«Не давайте гордыне овладеть вами. Из-за нее вы будете упорствовать там, где нужно согласиться, из-за нее вы откажетесь от полезного совета и дружеской помощи, из-за нее вы утратите меру объективности.
Третье — это страсть. Помните, что наука требует от человека всей его жизни. И если у вас было бы две жизни, то и их бы не хватило вам. Большого напряжения и великой страсти требует наука от человека. Будьте страстны в вашей работе и в ваших исканиях».
Глеб невольно улыбнулся и быстро захлопнул дневник: в коридоре раздались шаги. «Феоктист в квадрате! — подумал Глеб, — сдам ему лабораторию и пойду спать, уже полночь».
Но в открытой двери выросла фигура Ибрагимова.

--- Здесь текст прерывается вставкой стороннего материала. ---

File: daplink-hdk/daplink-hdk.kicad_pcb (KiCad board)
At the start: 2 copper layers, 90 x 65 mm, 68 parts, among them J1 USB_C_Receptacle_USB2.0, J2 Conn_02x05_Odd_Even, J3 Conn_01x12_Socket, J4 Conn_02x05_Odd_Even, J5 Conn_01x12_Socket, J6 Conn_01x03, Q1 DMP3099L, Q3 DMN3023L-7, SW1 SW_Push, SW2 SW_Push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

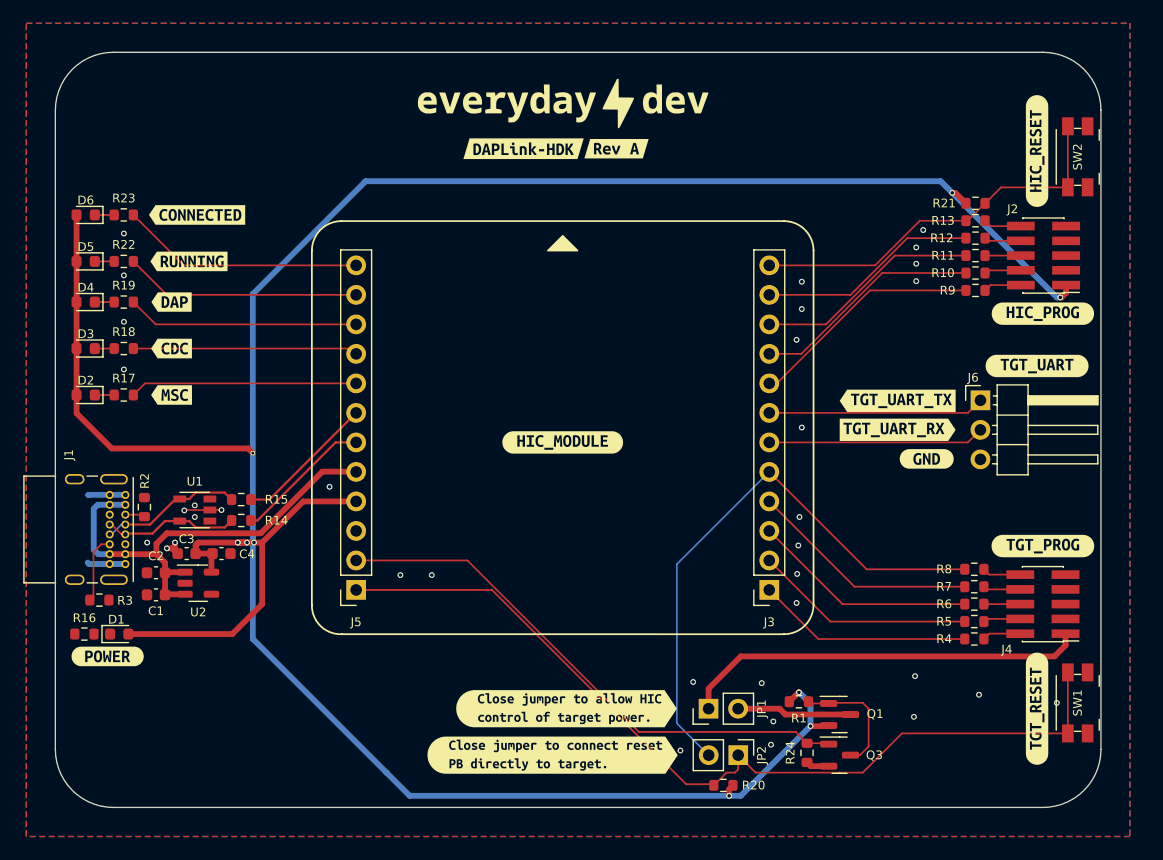
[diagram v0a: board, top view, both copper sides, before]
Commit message: Fix missing power LED trace, increment rev, and add Gitlab CI
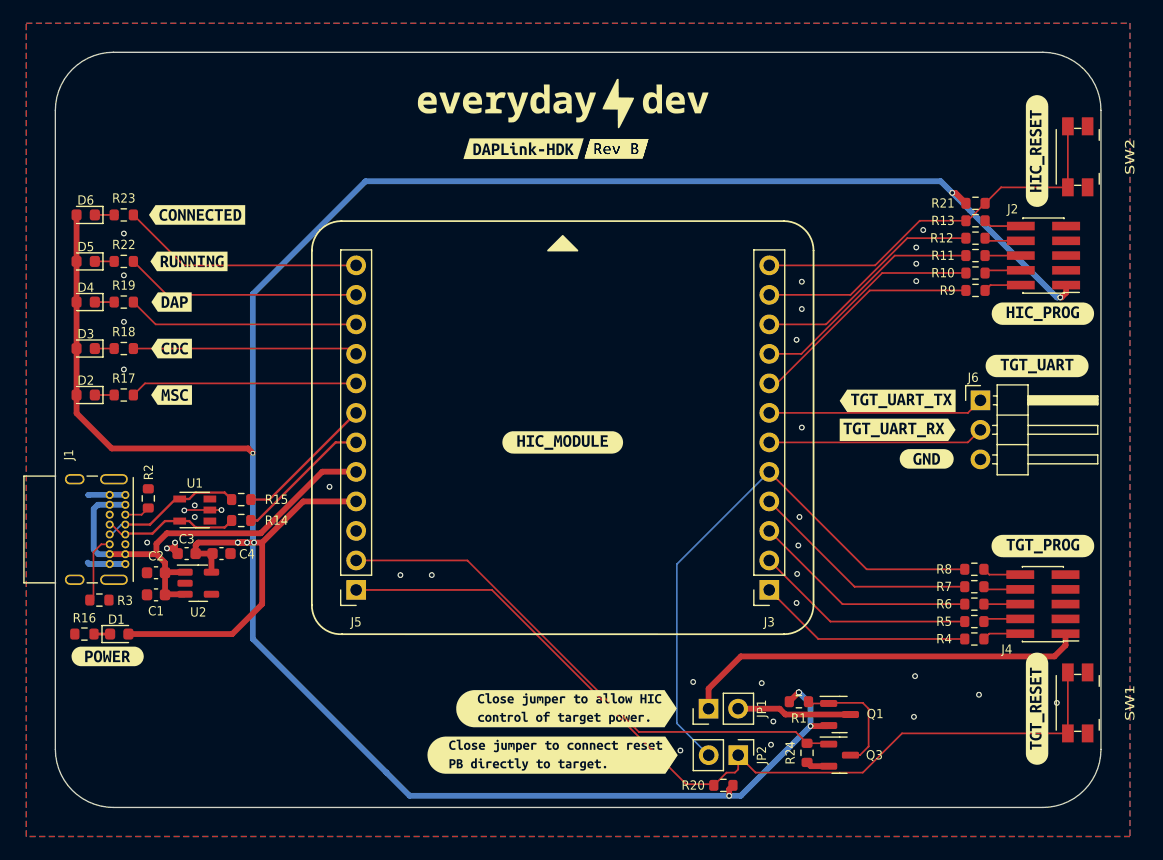
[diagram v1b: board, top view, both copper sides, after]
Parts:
- removed kibuzzard-6548E80B: G***, kibuzzard-6548E80B
- added kibuzzard-65CA74FC: G***, kibuzzard-65CA74FC, F.Cu at (158.3, 43.3)
- added kibuzzard-65CA7DAF: G***, kibuzzard-65CA7DAF, F.Cu at (158.3, 43.3)
- moved R2 0.82 mm to (118.0, 73.4)
- turned R20 to 0 degrees
- turned R21 to 180 degrees
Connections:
- R20 pad 1: +3V3 -> /TGT_nRESET_FWRD
- R20 pad 2: /TGT_nRESET_FWRD -> +3V3
- R21 pad 1: +3V3 -> /HIC_nRESET
- R21 pad 2: /HIC_nRESET -> +3V3
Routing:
- net Net-(D1-K): track 0.00 -> 1.39 mm
- net Net-(J1-CC1): track 1.70 -> 2.21 mm
- net +3V3: vias 9 -> 10

— Я занимался в спортзале. Гляжу — в лаборатории свет горит, думал, забыли погасить, — сказал Фарид.
Глеб отвел глаза, покраснел, неловко пряча дневник Наташи в стопку тетрадей и учебников.
— Пошли, полуночник, домой, а то проспим завтра на работу.
— Сегодня, — поправил Глеб неулыбчиво и отчужденно.
Ибрагимова давно беспокоил внезапный холодок в его дружбе с Глебом. Они росли на одной улице, играли в лапту и горелки, иногда дрались, но быстро мирились, и эти примирения были такими бурными, полными мальчишечьей страсти, мечтаний и доброты, что воспоминания о них еще и сейчас излучали теплоту.
Они вместе учились в школе. Правда, Ибрагимов вынужден был уйти из седьмого класса на завод: война, не считаясь с его возрастом, сделала его главой семьи из трех малолетних сестренок и больной матери.
Но как только окончилась война, Ибрагимов поступил в вечернюю школу рабочей молодежи и теперь уже занимался в десятом классе.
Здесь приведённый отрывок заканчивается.